화학공학소재연구정보센터
Nature, Vol.579, No.7799, 415-+, 2020
Gasdermin E suppresses tumour growth by activating anti-tumour immunity
Cleavage of the gasdermin proteins to produce pore-forming amino-terminal fragments causes inflammatory cell death (pyroptosis)(1). Gasdermin E (GSDME, also known as DFNA5)-mutated in familial ageing-related hearing loss(2)-can be cleaved by caspase 3, thereby converting noninflammatory apoptosis to pyroptosis in GSDME-expressing cells(3-5). GSDME expression is suppressed in many cancers, and reduced GSDME levels are associated with decreased survival as a result of breast cancer(2,6), suggesting that GSDME might be a tumour suppressor. Here we show that 20 of 22 tested cancer-associated GSDME mutations reduce GSDME function.

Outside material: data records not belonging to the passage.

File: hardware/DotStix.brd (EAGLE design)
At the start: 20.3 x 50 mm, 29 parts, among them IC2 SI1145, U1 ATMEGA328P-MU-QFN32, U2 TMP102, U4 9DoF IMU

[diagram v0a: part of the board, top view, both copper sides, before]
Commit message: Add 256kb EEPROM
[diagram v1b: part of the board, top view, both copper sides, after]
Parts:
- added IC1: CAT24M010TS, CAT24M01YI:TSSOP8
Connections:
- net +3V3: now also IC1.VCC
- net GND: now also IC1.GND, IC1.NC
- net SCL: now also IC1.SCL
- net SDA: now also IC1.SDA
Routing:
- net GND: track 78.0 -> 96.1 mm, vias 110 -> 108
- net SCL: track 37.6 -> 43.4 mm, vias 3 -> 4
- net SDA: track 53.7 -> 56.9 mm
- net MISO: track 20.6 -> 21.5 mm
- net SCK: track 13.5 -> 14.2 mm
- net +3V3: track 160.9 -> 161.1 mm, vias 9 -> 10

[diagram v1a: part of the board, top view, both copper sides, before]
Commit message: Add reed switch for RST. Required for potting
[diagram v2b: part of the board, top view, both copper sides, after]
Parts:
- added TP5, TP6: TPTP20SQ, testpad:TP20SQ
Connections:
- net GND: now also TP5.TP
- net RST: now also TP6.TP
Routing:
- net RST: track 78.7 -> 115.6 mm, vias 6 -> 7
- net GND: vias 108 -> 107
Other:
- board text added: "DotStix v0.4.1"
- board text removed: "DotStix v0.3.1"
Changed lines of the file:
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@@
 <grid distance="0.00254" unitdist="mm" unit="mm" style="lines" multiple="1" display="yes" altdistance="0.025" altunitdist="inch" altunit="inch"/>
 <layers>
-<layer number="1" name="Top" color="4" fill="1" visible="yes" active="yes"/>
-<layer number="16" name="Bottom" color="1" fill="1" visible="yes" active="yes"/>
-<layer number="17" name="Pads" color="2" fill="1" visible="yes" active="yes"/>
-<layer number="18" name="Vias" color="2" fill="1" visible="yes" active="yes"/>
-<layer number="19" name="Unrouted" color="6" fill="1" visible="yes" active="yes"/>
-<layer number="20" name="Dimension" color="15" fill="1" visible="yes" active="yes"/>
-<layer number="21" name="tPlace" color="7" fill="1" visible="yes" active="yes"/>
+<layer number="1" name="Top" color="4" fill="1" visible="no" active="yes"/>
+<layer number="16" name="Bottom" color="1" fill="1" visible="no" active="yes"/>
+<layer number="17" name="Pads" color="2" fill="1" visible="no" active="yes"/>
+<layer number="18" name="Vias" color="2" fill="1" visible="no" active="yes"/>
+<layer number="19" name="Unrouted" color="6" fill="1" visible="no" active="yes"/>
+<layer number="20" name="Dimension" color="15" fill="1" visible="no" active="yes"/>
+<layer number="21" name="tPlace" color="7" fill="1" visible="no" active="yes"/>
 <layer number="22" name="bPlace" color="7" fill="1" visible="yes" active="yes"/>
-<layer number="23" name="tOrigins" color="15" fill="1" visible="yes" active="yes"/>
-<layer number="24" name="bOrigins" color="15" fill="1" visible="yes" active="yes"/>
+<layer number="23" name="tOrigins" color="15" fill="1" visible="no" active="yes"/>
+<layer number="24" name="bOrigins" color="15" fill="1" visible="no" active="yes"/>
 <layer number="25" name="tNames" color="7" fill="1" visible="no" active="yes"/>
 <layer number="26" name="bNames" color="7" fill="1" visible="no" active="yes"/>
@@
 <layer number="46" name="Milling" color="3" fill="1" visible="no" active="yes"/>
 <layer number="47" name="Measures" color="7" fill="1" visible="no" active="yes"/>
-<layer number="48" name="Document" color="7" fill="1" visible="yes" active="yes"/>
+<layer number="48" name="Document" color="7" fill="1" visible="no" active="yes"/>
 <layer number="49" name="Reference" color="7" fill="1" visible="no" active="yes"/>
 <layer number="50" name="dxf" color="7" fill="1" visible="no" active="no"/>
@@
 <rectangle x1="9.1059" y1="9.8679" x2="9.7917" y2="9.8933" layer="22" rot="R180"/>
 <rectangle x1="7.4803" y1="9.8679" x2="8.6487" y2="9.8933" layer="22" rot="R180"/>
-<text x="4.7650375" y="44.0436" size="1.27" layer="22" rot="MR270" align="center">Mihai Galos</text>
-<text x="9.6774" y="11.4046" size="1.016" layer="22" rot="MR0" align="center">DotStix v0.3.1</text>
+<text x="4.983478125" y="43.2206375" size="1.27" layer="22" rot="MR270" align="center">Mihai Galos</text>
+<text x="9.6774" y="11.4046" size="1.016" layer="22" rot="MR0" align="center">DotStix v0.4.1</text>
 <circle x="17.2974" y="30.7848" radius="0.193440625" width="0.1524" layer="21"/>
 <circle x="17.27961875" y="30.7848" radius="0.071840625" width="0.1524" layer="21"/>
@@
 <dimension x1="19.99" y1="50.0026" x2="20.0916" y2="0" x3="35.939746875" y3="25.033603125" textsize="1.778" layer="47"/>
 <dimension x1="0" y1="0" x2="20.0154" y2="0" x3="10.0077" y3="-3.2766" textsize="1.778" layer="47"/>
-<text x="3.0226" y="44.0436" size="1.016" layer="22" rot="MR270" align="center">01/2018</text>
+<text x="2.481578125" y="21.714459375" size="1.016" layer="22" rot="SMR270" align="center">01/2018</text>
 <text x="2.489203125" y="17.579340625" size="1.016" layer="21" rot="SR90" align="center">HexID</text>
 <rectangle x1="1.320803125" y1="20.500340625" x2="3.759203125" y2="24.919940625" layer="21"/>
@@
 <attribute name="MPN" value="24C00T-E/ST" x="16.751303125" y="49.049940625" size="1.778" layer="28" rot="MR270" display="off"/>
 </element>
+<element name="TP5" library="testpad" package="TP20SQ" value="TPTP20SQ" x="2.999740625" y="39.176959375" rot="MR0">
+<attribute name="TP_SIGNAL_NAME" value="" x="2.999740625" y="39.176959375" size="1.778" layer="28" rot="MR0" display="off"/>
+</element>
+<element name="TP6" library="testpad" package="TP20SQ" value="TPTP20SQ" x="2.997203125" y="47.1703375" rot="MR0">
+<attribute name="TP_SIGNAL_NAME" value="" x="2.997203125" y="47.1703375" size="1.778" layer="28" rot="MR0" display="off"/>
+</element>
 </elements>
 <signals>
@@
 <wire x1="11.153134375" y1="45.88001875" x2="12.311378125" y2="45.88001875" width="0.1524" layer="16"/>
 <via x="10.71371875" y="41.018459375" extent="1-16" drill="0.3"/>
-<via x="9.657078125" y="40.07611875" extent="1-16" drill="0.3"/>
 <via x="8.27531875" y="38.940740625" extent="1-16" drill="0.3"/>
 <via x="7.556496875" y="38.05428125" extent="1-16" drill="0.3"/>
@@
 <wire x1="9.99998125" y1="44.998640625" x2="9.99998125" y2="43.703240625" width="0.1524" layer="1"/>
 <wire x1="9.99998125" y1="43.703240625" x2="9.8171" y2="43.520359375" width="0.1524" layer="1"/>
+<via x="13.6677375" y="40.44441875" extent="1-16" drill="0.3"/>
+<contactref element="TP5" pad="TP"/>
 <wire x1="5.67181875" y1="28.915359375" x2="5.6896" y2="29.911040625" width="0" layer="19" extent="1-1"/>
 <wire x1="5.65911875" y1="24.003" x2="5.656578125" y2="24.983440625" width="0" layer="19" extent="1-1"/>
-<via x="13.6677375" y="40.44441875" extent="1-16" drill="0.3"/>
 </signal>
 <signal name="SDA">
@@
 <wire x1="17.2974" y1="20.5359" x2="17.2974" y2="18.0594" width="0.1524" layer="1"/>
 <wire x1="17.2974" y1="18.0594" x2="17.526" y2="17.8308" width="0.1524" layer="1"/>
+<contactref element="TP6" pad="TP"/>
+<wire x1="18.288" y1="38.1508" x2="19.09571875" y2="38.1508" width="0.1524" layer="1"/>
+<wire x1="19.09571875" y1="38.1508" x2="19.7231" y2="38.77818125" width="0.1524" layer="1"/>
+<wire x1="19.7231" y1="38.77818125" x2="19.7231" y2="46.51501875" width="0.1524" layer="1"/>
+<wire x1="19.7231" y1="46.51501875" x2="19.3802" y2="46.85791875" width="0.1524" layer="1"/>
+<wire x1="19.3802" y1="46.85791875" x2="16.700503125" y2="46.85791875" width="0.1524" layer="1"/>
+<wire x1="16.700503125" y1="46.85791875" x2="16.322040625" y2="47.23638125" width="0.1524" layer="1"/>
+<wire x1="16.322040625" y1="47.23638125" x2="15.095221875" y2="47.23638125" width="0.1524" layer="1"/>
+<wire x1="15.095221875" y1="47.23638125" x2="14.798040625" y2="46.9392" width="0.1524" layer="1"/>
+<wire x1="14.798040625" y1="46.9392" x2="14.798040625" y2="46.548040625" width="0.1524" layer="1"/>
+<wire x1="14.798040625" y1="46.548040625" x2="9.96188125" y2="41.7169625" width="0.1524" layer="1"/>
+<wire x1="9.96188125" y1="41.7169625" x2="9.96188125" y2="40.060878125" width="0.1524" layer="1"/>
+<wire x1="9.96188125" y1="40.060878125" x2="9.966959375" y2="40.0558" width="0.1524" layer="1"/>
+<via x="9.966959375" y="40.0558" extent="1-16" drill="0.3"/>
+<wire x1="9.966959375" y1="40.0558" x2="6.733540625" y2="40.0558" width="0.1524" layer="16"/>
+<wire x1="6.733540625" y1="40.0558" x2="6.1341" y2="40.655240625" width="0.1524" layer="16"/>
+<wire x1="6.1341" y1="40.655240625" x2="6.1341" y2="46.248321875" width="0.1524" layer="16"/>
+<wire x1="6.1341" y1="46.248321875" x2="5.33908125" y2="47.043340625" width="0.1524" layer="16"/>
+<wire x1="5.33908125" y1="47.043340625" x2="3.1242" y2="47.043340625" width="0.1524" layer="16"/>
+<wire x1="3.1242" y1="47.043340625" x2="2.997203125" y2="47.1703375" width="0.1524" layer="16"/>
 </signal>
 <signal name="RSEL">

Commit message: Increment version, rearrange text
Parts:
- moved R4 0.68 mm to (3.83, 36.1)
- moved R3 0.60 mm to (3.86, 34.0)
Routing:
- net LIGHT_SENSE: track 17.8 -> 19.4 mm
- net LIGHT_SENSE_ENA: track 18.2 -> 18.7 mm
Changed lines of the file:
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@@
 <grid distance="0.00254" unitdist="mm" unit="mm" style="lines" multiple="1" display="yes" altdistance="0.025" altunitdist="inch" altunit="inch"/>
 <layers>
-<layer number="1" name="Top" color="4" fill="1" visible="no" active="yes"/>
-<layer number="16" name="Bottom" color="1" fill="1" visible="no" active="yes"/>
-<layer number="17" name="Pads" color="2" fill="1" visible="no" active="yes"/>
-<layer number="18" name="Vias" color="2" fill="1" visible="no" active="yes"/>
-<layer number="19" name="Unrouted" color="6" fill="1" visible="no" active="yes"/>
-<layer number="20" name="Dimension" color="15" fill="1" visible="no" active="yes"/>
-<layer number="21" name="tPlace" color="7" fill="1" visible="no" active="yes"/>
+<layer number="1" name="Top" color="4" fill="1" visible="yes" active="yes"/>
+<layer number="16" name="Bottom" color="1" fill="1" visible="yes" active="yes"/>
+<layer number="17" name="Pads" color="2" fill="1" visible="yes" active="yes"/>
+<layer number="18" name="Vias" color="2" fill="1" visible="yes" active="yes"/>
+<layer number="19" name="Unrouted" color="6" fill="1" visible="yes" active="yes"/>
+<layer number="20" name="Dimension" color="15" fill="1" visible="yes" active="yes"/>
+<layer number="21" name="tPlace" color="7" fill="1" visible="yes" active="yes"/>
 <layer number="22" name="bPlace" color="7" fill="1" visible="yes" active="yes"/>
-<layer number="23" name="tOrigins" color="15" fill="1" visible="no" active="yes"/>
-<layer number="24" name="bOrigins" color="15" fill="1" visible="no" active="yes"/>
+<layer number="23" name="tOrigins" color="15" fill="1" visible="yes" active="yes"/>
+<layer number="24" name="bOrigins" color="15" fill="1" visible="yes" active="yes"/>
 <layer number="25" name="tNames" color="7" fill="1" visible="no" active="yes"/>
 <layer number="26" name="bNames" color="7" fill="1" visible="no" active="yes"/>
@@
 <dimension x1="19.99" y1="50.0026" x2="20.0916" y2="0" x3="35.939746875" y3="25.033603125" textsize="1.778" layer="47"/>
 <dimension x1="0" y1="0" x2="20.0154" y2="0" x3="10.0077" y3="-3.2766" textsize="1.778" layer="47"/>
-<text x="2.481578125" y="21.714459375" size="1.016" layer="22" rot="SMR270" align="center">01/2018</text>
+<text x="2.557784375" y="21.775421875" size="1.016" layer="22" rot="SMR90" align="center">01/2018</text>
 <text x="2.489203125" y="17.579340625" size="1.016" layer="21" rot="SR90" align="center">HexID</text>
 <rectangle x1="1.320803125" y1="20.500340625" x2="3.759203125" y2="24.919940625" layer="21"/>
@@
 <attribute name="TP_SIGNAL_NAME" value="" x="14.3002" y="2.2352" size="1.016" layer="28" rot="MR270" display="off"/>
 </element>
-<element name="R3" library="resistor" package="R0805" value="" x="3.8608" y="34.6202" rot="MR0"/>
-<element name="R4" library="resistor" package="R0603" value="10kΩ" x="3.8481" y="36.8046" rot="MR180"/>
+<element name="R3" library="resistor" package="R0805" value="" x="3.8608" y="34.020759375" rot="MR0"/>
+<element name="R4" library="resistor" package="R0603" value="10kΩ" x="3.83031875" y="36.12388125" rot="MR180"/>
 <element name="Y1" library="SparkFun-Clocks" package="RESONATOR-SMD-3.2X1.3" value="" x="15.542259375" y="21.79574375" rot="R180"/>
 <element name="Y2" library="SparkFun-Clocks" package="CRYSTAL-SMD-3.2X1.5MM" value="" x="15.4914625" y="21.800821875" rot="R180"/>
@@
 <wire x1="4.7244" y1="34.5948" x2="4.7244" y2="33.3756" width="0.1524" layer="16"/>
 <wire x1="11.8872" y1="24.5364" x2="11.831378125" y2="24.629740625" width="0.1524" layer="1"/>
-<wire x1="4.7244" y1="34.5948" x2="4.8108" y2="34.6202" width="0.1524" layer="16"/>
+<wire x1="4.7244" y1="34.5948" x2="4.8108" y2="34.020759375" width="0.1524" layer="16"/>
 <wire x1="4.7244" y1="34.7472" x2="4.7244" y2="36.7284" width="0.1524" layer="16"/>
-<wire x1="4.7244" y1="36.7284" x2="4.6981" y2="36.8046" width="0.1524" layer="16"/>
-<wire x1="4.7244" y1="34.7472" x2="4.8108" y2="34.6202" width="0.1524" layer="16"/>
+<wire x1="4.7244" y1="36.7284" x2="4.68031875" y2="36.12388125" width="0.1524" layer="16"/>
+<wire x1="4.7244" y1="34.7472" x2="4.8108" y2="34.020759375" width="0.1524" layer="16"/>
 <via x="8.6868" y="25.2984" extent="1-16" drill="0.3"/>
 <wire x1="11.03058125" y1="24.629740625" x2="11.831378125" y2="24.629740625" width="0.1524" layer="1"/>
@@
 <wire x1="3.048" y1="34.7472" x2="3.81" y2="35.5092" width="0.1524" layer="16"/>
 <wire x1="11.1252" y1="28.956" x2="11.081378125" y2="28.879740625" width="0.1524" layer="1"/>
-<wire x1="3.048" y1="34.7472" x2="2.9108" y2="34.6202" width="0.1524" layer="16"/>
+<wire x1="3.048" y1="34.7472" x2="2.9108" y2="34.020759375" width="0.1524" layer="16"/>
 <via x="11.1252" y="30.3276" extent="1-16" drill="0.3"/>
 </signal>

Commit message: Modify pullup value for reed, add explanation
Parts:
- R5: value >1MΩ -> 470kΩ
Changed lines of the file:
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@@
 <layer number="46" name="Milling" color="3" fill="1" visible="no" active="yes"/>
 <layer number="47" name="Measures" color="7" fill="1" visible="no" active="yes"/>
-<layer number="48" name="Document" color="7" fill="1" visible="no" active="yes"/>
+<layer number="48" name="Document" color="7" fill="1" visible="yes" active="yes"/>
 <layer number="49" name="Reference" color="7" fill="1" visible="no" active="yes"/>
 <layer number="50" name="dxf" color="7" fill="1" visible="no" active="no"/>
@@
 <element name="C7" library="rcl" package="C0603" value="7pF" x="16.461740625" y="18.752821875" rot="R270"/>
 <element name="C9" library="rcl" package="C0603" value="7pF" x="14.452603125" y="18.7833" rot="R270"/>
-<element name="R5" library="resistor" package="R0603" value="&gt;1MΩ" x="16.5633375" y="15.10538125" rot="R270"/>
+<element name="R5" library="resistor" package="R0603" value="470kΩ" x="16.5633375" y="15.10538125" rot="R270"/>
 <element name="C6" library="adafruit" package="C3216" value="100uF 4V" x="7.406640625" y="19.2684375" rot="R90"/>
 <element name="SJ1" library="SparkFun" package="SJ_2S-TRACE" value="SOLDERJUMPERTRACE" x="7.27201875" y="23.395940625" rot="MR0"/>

In mice, knocking out Gsdme in GSDME-expressing tumours enhances, whereas ectopic expression in Gsdme-repressed tumours inhibits, tumour growth. This tumour suppression is mediated by killer cytotoxic lymphocytes: it is abrogated in perforin-deficient mice or mice depleted of killer lymphocytes. GSDME expression enhances the phagocytosis of tumour cells by tumour-associated macrophages, as well as the number and functions of tumour-infiltrating natural-killer and CD8(+) T lymphocytes. Killer-cell granzyme B also activates caspase-independent pyroptosis in target cells by directly cleaving GSDME at the same site as caspase 3. Uncleavable or pore-defective GSDME proteins are not tumour suppressive. Thus, tumour GSDME acts as a tumour suppressor by activating pyroptosis, enhancing anti-tumour immunity. The gasdermin E protein is shown to act as a tumour suppressor: it is cleaved by caspase 3 and granzyme B and leads to pyroptosis of cancer cells, provoking an immune response to the tumour.